→ Exercise aim
What lines of the data hold the string "pattern"? Pull each one out.

Saved data entries:
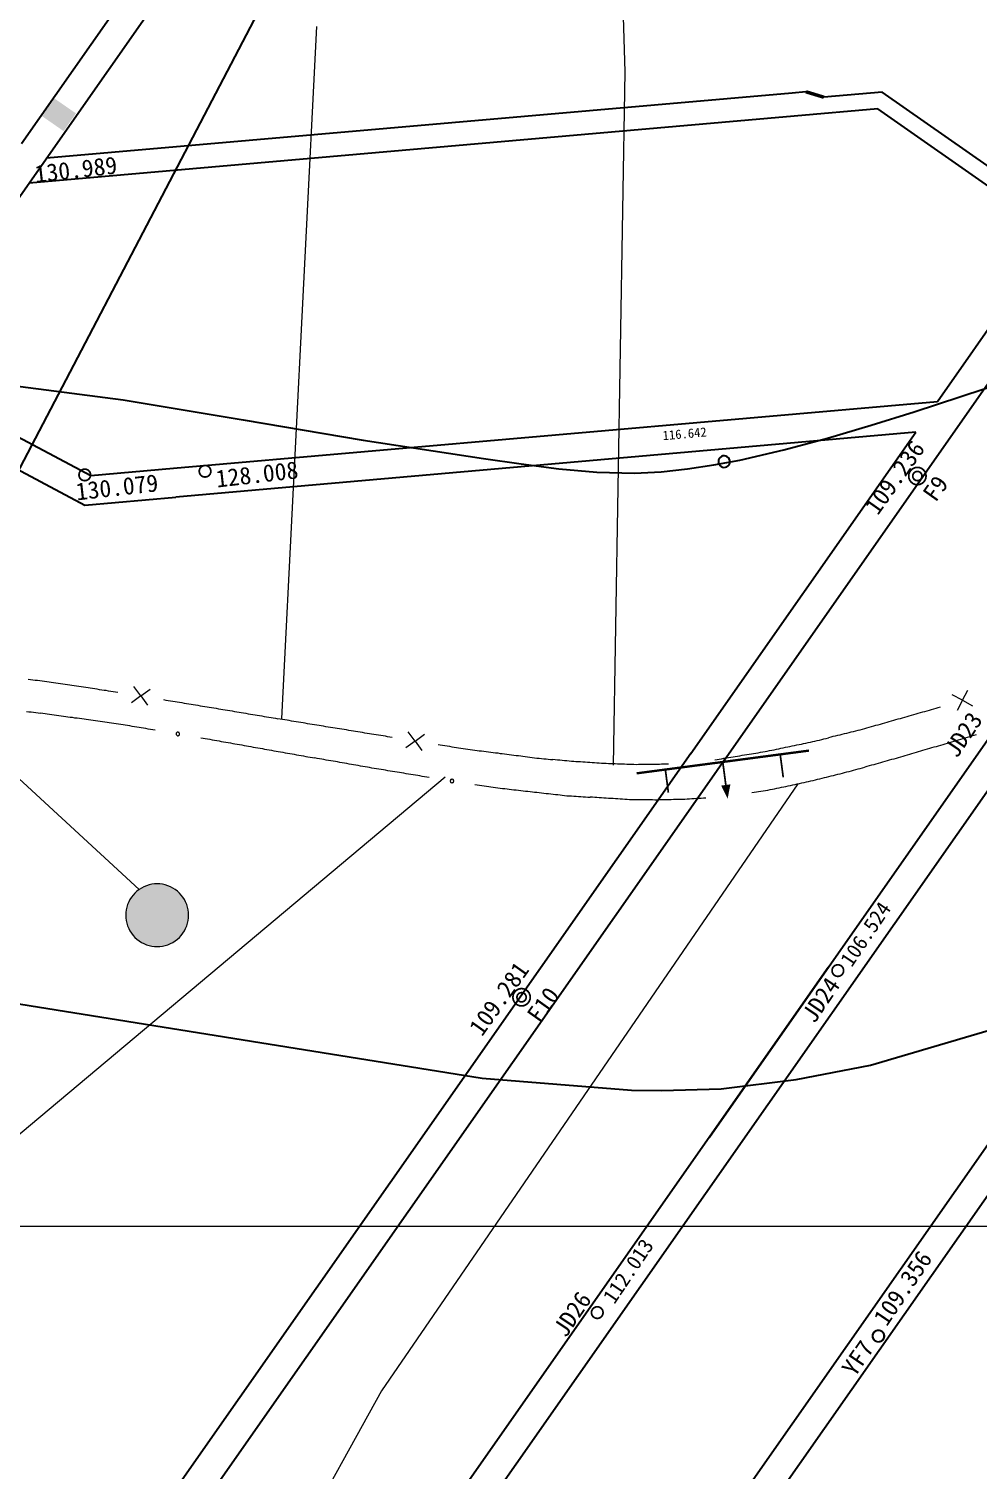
# Model space of a CAD drawing. Header units: inches. Extents: x 36473197 to 36486087, y 3899343 to 3911260.
# Drawn here: x 36481764.8 to 36481928.7, y 3902957.9 to 3903206.7 of the extents above; entities that cross this region are included whole.
import ezdxf

# ---------------------------------------------------------------- set-up
doc = ezdxf.new("R2010")
doc.units = ezdxf.units.IN
doc.header["$MEASUREMENT"] = 0
doc.layers.get('0').update_dxf_attribs({"lineweight": 0})
for name, color, linetype, lineweight in [('4煤底板等值线', 7, 'Continuous', 0), ('导线点', 7, 'Continuous', 0), ('经纬网', 7, 'Continuous', 0), ('钻孔', 7, 'Continuous', 0)]:
    doc.layers.add(name, color=color, linetype=linetype, lineweight=lineweight)
for name, color, linetype, lineweight, true_color in [('保护煤柱', 7, 'Continuous', 0, 0xff0042), ('巷道1', 7, 'Continuous', 0, 0x2d2d2d), ('断层上盘', 1, 'Continuous', 0, 0xff0000), ('断层下盘', 1, 'Continuous', 0, 0xff0000), ('水闸墙', 3, 'Continuous', 0, 0x00ff00)]:
    doc.layers.add(name, color=color, linetype=linetype, lineweight=lineweight, true_color=true_color)
doc.styles.add('黑体', font='simhei.ttf')
doc.linetypes.add('保护煤柱', pattern='A,0.0195,-0.001,[6,西北矿业高家堡煤矿2022年采掘接续图(2022.8.14).shx,S=1.01575e-06,R=0,X=0,Y=0],0.0195', length=0.04)

# ---------------------------------------------------------------- blocks, each defined once
blk = doc.blocks.new('单线正断层')
at = {"true_color": 0xff0000}
blk.add_hatch(color=1, dxfattribs=at).paths.add_polyline_path([(2.46, -5.91), (2.28, -3.39), (0.8, -4)], flags=17)
at = {"color": 1, "true_color": 0xff0000}
for points, const_width in [([(-13.85, -5.77), (13.85, 5.77)], 0.4), ([(9.23, 3.84), (10.77, 0.15)], 0.3), ([(1.54, -3.69), (0, 0)], 0.3), ([(-9.23, -3.84), (-7.69, -7.54)], 0.3)]:
    blk.add_lwpolyline(points, dxfattribs=dict(at, const_width=const_width))
blk = doc.blocks.new('临时经纬仪导线点_1')
at = {"color": 7, "const_width": 0.3}
blk.add_lwpolyline([(1, 0), (0.97, 0.26), (0.87, 0.5), (0.71, 0.71), (0.5, 0.87), (0.26, 0.97), (0, 1), (-0.26, 0.97), (-0.5, 0.87), (-0.71, 0.71), (-0.87, 0.5), (-0.97, 0.26), (-1, 0), (-0.97, -0.26), (-0.87, -0.5), (-0.71, -0.71), (-0.5, -0.87), (-0.26, -0.97), (0, -1), (0.26, -0.97), (0.5, -0.87), (0.71, -0.71), (0.87, -0.5), (0.97, -0.26), (1, 0)], dxfattribs=at)
blk = doc.blocks.new('临时经纬仪导线点')
at = {"color": 0, "const_width": 0.3}
blk.add_lwpolyline([(1, 0), (0.97, 0.26), (0.87, 0.5), (0.71, 0.71), (0.5, 0.87), (0.26, 0.97), (0, 1), (-0.26, 0.97), (-0.5, 0.87), (-0.71, 0.71), (-0.87, 0.5), (-0.97, 0.26), (-1, 0), (-0.97, -0.26), (-0.87, -0.5), (-0.71, -0.71), (-0.5, -0.87), (-0.26, -0.97), (0, -1), (0.26, -0.97), (0.5, -0.87), (0.71, -0.71), (0.87, -0.5), (0.97, -0.26), (1, 0)], dxfattribs=at)
blk = doc.blocks.new('永久经纬仪导线点')
at = {"color": 7, "const_width": 0.3}
for points in [[(1.5, 0), (1.45, 0.39), (1.3, 0.75), (1.06, 1.06), (0.75, 1.3), (0.39, 1.45), (0, 1.5), (-0.39, 1.45), (-0.75, 1.3), (-1.06, 1.06), (-1.3, 0.75), (-1.45, 0.39), (-1.5, 0), (-1.45, -0.39), (-1.3, -0.75), (-1.06, -1.06), (-0.75, -1.3), (-0.39, -1.45), (0, -1.5), (0.39, -1.45), (0.75, -1.3), (1.06, -1.06), (1.3, -0.75), (1.45, -0.39), (1.5, 0)], [(0.8, 0), (0.77, 0.21), (0.69, 0.4), (0.57, 0.57), (0.4, 0.69), (0.21, 0.77), (0, 0.8), (-0.21, 0.77), (-0.4, 0.69), (-0.57, 0.57), (-0.69, 0.4), (-0.77, 0.21), (-0.8, 0), (-0.77, -0.21), (-0.69, -0.4), (-0.57, -0.57), (-0.4, -0.69), (-0.21, -0.77), (0, -0.8), (0.21, -0.77), (0.4, -0.69), (0.57, -0.57), (0.69, -0.4), (0.77, -0.21), (0.8, 0)]]:
    blk.add_lwpolyline(points, dxfattribs=at)
blk = doc.blocks.new('lr_block_142')
at = {"color": 7, "const_width": 0.6}
blk.add_lwpolyline([(3.09, 0), (2.97, 0.04), (2.58, 0.15), (2.2, 0.27), (1.82, 0.38), (1.44, 0.5), (1.05, 0.62), (0.67, 0.73), (0.29, 0.85), (0, 0.93)], dxfattribs=at)

msp = doc.modelspace()

# ---------------------------------------------------------------- hatches: boundary and pattern name
at = {"layer": '水闸墙'}
h = msp.add_hatch(color=7, dxfattribs=at)
h.set_gradient(color1=(0, 255, 0), color2=(0, 255, 0), one_color=1)
h.paths.add_polyline_path([(36481770.82, 3903189.04), (36481772.95, 3903192.1), (36481769.23, 3903194.67), (36481767.1, 3903191.62)], flags=17)
h = msp.add_hatch(color=7, dxfattribs=at)
h.set_gradient(color1=(0, 255, 0), color2=(0, 255, 0), one_color=1)
h.paths.add_polyline_path([(36481770.82, 3903189.04), (36481772.95, 3903192.1), (36481769.23, 3903194.67), (36481767.1, 3903191.62)], flags=17)
at = {"layer": '钻孔'}
msp.add_hatch(color=7, dxfattribs=at).paths.add_polyline_path([(36481781.55, 3903053.7), (36481781.57, 3903053.23), (36481781.63, 3903052.76), (36481781.73, 3903052.3), (36481781.87, 3903051.85), (36481782.05, 3903051.41), (36481782.27, 3903050.99), (36481782.53, 3903050.59), (36481782.81, 3903050.22), (36481783.13, 3903049.87), (36481783.48, 3903049.55), (36481783.86, 3903049.26), (36481784.25, 3903049.01), (36481784.67, 3903048.79), (36481785.11, 3903048.61), (36481785.56, 3903048.47), (36481786.02, 3903048.36), (36481786.49, 3903048.3), (36481786.96, 3903048.28), (36481787.44, 3903048.3), (36481787.91, 3903048.36), (36481788.37, 3903048.47), (36481788.82, 3903048.61), (36481789.25, 3903048.79), (36481789.67, 3903049.01), (36481790.07, 3903049.26), (36481790.45, 3903049.55), (36481790.8, 3903049.87), (36481791.12, 3903050.22), (36481791.4, 3903050.59), (36481791.66, 3903050.99), (36481791.88, 3903051.41), (36481792.06, 3903051.85), (36481792.2, 3903052.3), (36481792.3, 3903052.76), (36481792.36, 3903053.23), (36481792.38, 3903053.7), (36481792.36, 3903054.17), (36481792.3, 3903054.64), (36481792.2, 3903055.1), (36481792.06, 3903055.55), (36481791.88, 3903055.99), (36481791.66, 3903056.41), (36481791.4, 3903056.81), (36481791.12, 3903057.18), (36481790.8, 3903057.53), (36481790.45, 3903057.85), (36481790.07, 3903058.14), (36481789.67, 3903058.39), (36481789.25, 3903058.61), (36481788.82, 3903058.79), (36481788.37, 3903058.94), (36481787.91, 3903059.04), (36481787.44, 3903059.1), (36481786.96, 3903059.12), (36481786.49, 3903059.1), (36481786.02, 3903059.04), (36481785.56, 3903058.94), (36481785.11, 3903058.79), (36481784.67, 3903058.61), (36481784.25, 3903058.39), (36481783.86, 3903058.14), (36481783.48, 3903057.85), (36481783.13, 3903057.53), (36481782.81, 3903057.18), (36481782.53, 3903056.81), (36481782.27, 3903056.41), (36481782.05, 3903055.99), (36481781.87, 3903055.55), (36481781.73, 3903055.1), (36481781.63, 3903054.64), (36481781.57, 3903054.17)], flags=17)

# ---------------------------------------------------------------- linework, layer by layer
at = {"layer": '4煤底板等值线', "color": 7, "linetype": 'Continuous', "lineweight": 0, "flags": 128}
for points in [[(36481865.46, 3903273.37), (36481867.67, 3903199.28), (36481865.67, 3903079.62)], [(36481814.44, 3903207.08), (36481808.42, 3903087.65)], [(36481836.68, 3903077.55), (36481743.94, 3902999.73), (36481729.73, 3902985.75), (36481723, 3902978.31), (36481713.88, 3902966.63), (36481697.4, 3902941.65)], [(36481897.54, 3903076.39), (36481825.71, 3902971.62), (36481811.11, 3902945.28), (36481803.88, 3902928.96), (36481800, 3902917.73), (36481797.28, 3902906.47), (36481794.71, 3902889.23), (36481793.77, 3902871.92), (36481794.5, 3902854.87), (36481795.98, 3902843.79), (36481798.38, 3902833.09), (36481800, 3902827.96), (36481803.31, 3902820.25), (36481807.29, 3902812.9), (36481813.41, 3902803.5), (36481824.02, 3902790.11), (36481840.32, 3902773.33), (36481858.57, 3902757.55), (36481899.09, 3902728.44), (36482018.5, 3902657.33), (36482057.69, 3902638.09)]]:
    msp.add_lwpolyline(points, dxfattribs=at)
at = {"layer": '保护煤柱', "color": 1, "linetype": 'Continuous', "lineweight": 30, "true_color": 0xff0000}
for p, q in [((36481883.88, 3903132.3), (36481883.83, 3903132.04)), ((36481883.83, 3903132.04), (36481883.85, 3903131.78)), ((36481883.85, 3903131.78), (36481883.94, 3903131.54)), ((36481883.98, 3903132.54), (36481883.88, 3903132.3)), ((36481883.94, 3903131.54), (36481884.09, 3903131.32)), ((36481884.15, 3903132.73), (36481883.98, 3903132.54)), ((36481884.37, 3903132.88), (36481884.15, 3903132.73)), ((36481884.61, 3903132.97), (36481884.37, 3903132.88)), ((36481884.87, 3903132.99), (36481884.61, 3903132.97)), ((36481885.13, 3903132.95), (36481884.87, 3903132.99)), ((36481885.37, 3903132.84), (36481885.13, 3903132.95)), ((36481885.57, 3903132.67), (36481885.37, 3903132.84)), ((36481885.5, 3903131.26), (36481885.67, 3903131.46)), ((36481885.72, 3903132.45), (36481885.57, 3903132.67)), ((36481885.67, 3903131.46), (36481885.78, 3903131.69)), ((36481885.8, 3903132.21), (36481885.72, 3903132.45)), ((36481885.78, 3903131.69), (36481885.83, 3903131.95)), ((36481885.83, 3903131.95), (36481885.8, 3903132.21)), ((36481884.09, 3903131.32), (36481884.29, 3903131.15)), ((36481884.29, 3903131.15), (36481884.53, 3903131.04)), ((36481884.53, 3903131.04), (36481884.78, 3903131)), ((36481884.78, 3903131), (36481885.04, 3903131.02)), ((36481885.04, 3903131.02), (36481885.29, 3903131.11)), ((36481885.29, 3903131.11), (36481885.5, 3903131.26))]:
    msp.add_line(p, q, dxfattribs=at)
at = {"layer": '保护煤柱', "color": 1, "linetype": '保护煤柱', "lineweight": 30, "ltscale": 3750, "true_color": 0xff0000, "flags": 128}
for points in [[(36482730.63, 3904134.24), (36482199.77, 3903801.12), (36481441.7, 3902718.59)], [(36482647.76, 3902060.56), (36482909, 3902378.83), (36482956.41, 3902506), (36482967.2, 3902803.66), (36482651.34, 3903218.03), (36482471.44, 3903320.2), (36482308.23, 3903404.63), (36482047.72, 3903470.73), (36481910.21, 3903412.08), (36481645.42, 3902905.61), (36481168.13, 3902890.49)], [(36481383.77, 3903121.94), (36481402.76, 3903122.03), (36481439.41, 3903122.25), (36481476.06, 3903122.65), (36481494.09, 3903122.9), (36481512.1, 3903123.29), (36481530.1, 3903123.94), (36481548.06, 3903125.04), (36481571.49, 3903127.54), (36481594.86, 3903130.67), (36481618.21, 3903134.06), (36481641.56, 3903137.51), (36481660.14, 3903140.21), (36481678.74, 3903142.67), (36481697.36, 3903144.74), (36481716.02, 3903146.15), (36481727.09, 3903146.47), (36481738.17, 3903146.44), (36481749.24, 3903146.09), (36481760.28, 3903145.35), (36481781.09, 3903142.63), (36481801.82, 3903139.22), (36481822.53, 3903135.72), (36481843.27, 3903132.54), (36481849.79, 3903131.59), (36481856.31, 3903130.77), (36481859.58, 3903130.44), (36481862.84, 3903130.18), (36481869.37, 3903129.99), (36481873.93, 3903130.25), (36481878.49, 3903130.75), (36481883.03, 3903131.42), (36481887.54, 3903132.25), (36481895.15, 3903134), (36481902.68, 3903136.03), (36481910.18, 3903138.26), (36481917.64, 3903140.61), (36481925.7, 3903143.22), (36481933.74, 3903145.86), (36481941.79, 3903148.49), (36481949.85, 3903151.05), (36481956.33, 3903152.99), (36481962.83, 3903154.87), (36481969.35, 3903156.68), (36481975.89, 3903158.43), (36481991.27, 3903162.26), (36482006.72, 3903165.83), (36482022.22, 3903169.23), (36482037.74, 3903172.46), (36482063.19, 3903177.42), (36482088.69, 3903182.11), (36482114.22, 3903186.62), (36482139.77, 3903191.01), (36482173.02, 3903196.64), (36482206.28, 3903202.18), (36482239.56, 3903207.6), (36482272.85, 3903212.91), (36482301.24, 3903217.29), (36482329.64, 3903221.61), (36482358.05, 3903225.89), (36482386.45, 3903230.15), (36482410.48, 3903233.76), (36482434.5, 3903237.37), (36482458.52, 3903241), (36482482.53, 3903244.65), (36482517.86, 3903250.05), (36482553.17, 3903255.6), (36482588.43, 3903261.37), (36482623.65, 3903267.48), (36482658.55, 3903273.99), (36482693.35, 3903281.03), (36482727.98, 3903288.74), (36482762.34, 3903297.46), (36482804.41, 3903310.52), (36482846.19, 3903324.61), (36482887.95, 3903338.77), (36482929.97, 3903352.06), (36482955.86, 3903359.02), (36482981.93, 3903365.33), (36483008.12, 3903371.13), (36483034.43, 3903376.33), (36483051.96, 3903379.22), (36483069.52, 3903381.94), (36483087.07, 3903384.75), (36483104.56, 3903387.82), (36483107.98, 3903388.43), (36483111.39, 3903389.07), (36483114.78, 3903389.8), (36483118.11, 3903390.7), (36483120.52, 3903391.56), (36483122.9, 3903392.5), (36483125.28, 3903393.46), (36483127.67, 3903394.38), (36483132.97, 3903395.98), (36483138.33, 3903397.39), (36483143.71, 3903398.74), (36483149.08, 3903400.15), (36483156.43, 3903402.34), (36483163.75, 3903404.68), (36483171.03, 3903407.09), (36483178.3, 3903409.57), (36483190.52, 3903413.89), (36483202.73, 3903418.22), (36483214.98, 3903422.44), (36483227.33, 3903426.41), (36483243.48, 3903430.88), (36483251.62, 3903432.85), (36483259.8, 3903434.65), (36483268, 3903436.22), (36483276.24, 3903437.54), (36483280.36, 3903438.08), (36483284.5, 3903438.52), (36483292.8, 3903438.99), (36483307.66, 3903438.03), (36483322.52, 3903436.42), (36483329.92, 3903435.74), (36483333.6, 3903435.48), (36483337.27, 3903435.31), (36483340.93, 3903435.25), (36483344.57, 3903435.31), (36483346.39, 3903435.4), (36483348.2, 3903435.55), (36483350, 3903435.74), (36483351.8, 3903436.02), (36483353.93, 3903436.48), (36483356.06, 3903437.04), (36483358.17, 3903437.68), (36483360.26, 3903438.35), (36483365.61, 3903440.24), (36483370.87, 3903442.33), (36483376.06, 3903444.63), (36483381.19, 3903447.1), (36483391.27, 3903452.49), (36483401.07, 3903458.38)], [(36481319.68, 3903013.2), (36481541.95, 3903017.64), (36481712.33, 3903039.73), (36481722.29, 3903040.41), (36481731.4, 3903040.54), (36481758.74, 3903039.09), (36481843.08, 3903025.59), (36481868.85, 3903023.53), (36481874, 3903023.44), (36481884.29, 3903023.72), (36481897.25, 3903025.34), (36481910.1, 3903027.84), (36482009.84, 3903057.21), (36482767.53, 3903178.89), (36482826.01, 3903192.68), (36482847.62, 3903199.19)]]:
    msp.add_lwpolyline(points, dxfattribs=at)
at = {"layer": '保护煤柱', "color": 1, "linetype": 'Continuous', "lineweight": 30, "true_color": 0xff0000, "flags": 128}
msp.add_lwpolyline([(36481883.85, 3903131.78), (36481883.94, 3903131.54), (36481884.09, 3903131.32), (36481884.29, 3903131.15), (36481884.53, 3903131.04), (36481884.78, 3903131), (36481885.04, 3903131.02), (36481885.29, 3903131.11), (36481885.5, 3903131.26), (36481885.67, 3903131.46), (36481885.78, 3903131.69), (36481885.83, 3903131.95), (36481885.8, 3903132.21), (36481885.72, 3903132.45), (36481885.57, 3903132.67), (36481885.37, 3903132.84), (36481885.13, 3903132.95), (36481884.87, 3903132.99), (36481884.61, 3903132.97), (36481884.37, 3903132.88), (36481884.15, 3903132.73), (36481883.98, 3903132.54), (36481883.88, 3903132.3), (36481883.83, 3903132.04), (36481883.85, 3903131.78)], dxfattribs=at)
at = {"layer": '导线点', "linetype": 'Continuous'}
msp.add_circle((36481774.47, 3903129.7, -0.2), 1.01, dxfattribs=at)
at = {"layer": '巷道1', "color": 7, "linetype": 'Continuous', "lineweight": 30}
for p, q in [((36481763.58, 3903186.91, -0.2), (36481860.93, 3903325.94, -0.2)), ((36481896.58, 3903195.61, -0.2), (36481767.89, 3903184.35, -0.2)), ((36481898.94, 3903195.82, -0.2), (36481896.58, 3903195.61, -0.2)), ((36481912.12, 3903195.77, -0.2), (36481902.04, 3903194.89, -0.2)), ((36481896.93, 3903191.63, -0.2), (36481764.9, 3903180.08, -0.2)), ((36481911.35, 3903192.89, -0.2), (36481896.93, 3903191.63, -0.2)), ((36481921.63, 3903142.39, -0.2), (36481941.97, 3903171.44, -0.2)), ((36481742.02, 3903147.41, -0.2), (36481775.5, 3903129.61, -0.2)), ((36481739.13, 3903143.28, -0.2), (36481774.46, 3903124.5, -0.2)), ((36481789.77, 3903130.86, -0.2), (36481921.63, 3903142.39, -0.2)), ((36481917.89, 3903137.05, -0.2), (36481790.21, 3903125.88, -0.2)), ((36481879.07, 3903081.61, -0.2), (36481917.89, 3903137.05, -0.2)), ((36481775.5, 3903129.61, -0.2), (36481789.77, 3903130.86, -0.2)), ((36481774.46, 3903124.5, -0.2), (36481790.21, 3903125.88, -0.2))]:
    msp.add_line(p, q, dxfattribs=at)
at = {"layer": '巷道1', "color": 30, "linetype": 'Continuous', "lineweight": 30, "true_color": 0xff8000}
for p, q in [((36482000.32, 3903114.04, -0.2), (36481836.92, 3902880.69, -0.2)), ((36482007.13, 3903115.05, -0.2), (36481844.92, 3902883.39, -0.2)), ((36481879.07, 3903081.61, -0.2), (36481760.93, 3902912.89, -0.01)), ((36481885.03, 3903080.7, -0.2), (36481883.49, 3903078.51, -0.2)), ((36481883.49, 3903078.51, -0.2), (36481767.96, 3902913.51, -0.07)), ((36481902.79, 3903044.67, -0.2), (36481822.91, 3902930.58, -0.2))]:
    msp.add_line(p, q, dxfattribs=at)
at = {"layer": '巷道1', "color": 1, "linetype": '保护煤柱', "lineweight": 30, "ltscale": 2000, "true_color": 0xff0000, "flags": 128}
msp.add_lwpolyline([(36481247.3, 3903011.72), (36481541.95, 3903017.64), (36481712.33, 3903039.73), (36481722.29, 3903040.41), (36481731.4, 3903040.54), (36481758.74, 3903039.09), (36481843.08, 3903025.59), (36481868.85, 3903023.53), (36481874, 3903023.44), (36481884.29, 3903023.72), (36481897.25, 3903025.34), (36481910.1, 3903027.84), (36482009.84, 3903057.21), (36482767.53, 3903178.89), (36482826.01, 3903192.68), (36482847.62, 3903199.19)], dxfattribs=at)
at = {"layer": '巷道1', "color": 7, "linetype": 'Continuous', "lineweight": 30, "flags": 128}
for points in [[(36481934.43, 3903180.14), (36481912.12, 3903195.77)], [(36481932.83, 3903177.85), (36481911.35, 3903192.89)], [(36481884.9, 3903080.52), (36481946.4, 3903168.35)]]:
    msp.add_lwpolyline(points, dxfattribs=at)
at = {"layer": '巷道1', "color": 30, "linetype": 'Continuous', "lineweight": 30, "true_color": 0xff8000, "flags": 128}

→ Task output
doc.linetypes.add('保护煤柱', pattern='A,0.0195,-0.001,[6,西北矿业高家堡煤矿2022年采掘接续图(2022.8.14).shx,S=1.01575e-06,R=0,X=0,Y=0],0.0195', length=0.04)
# ---------------------------------------------------------------- hatches: boundary and pattern name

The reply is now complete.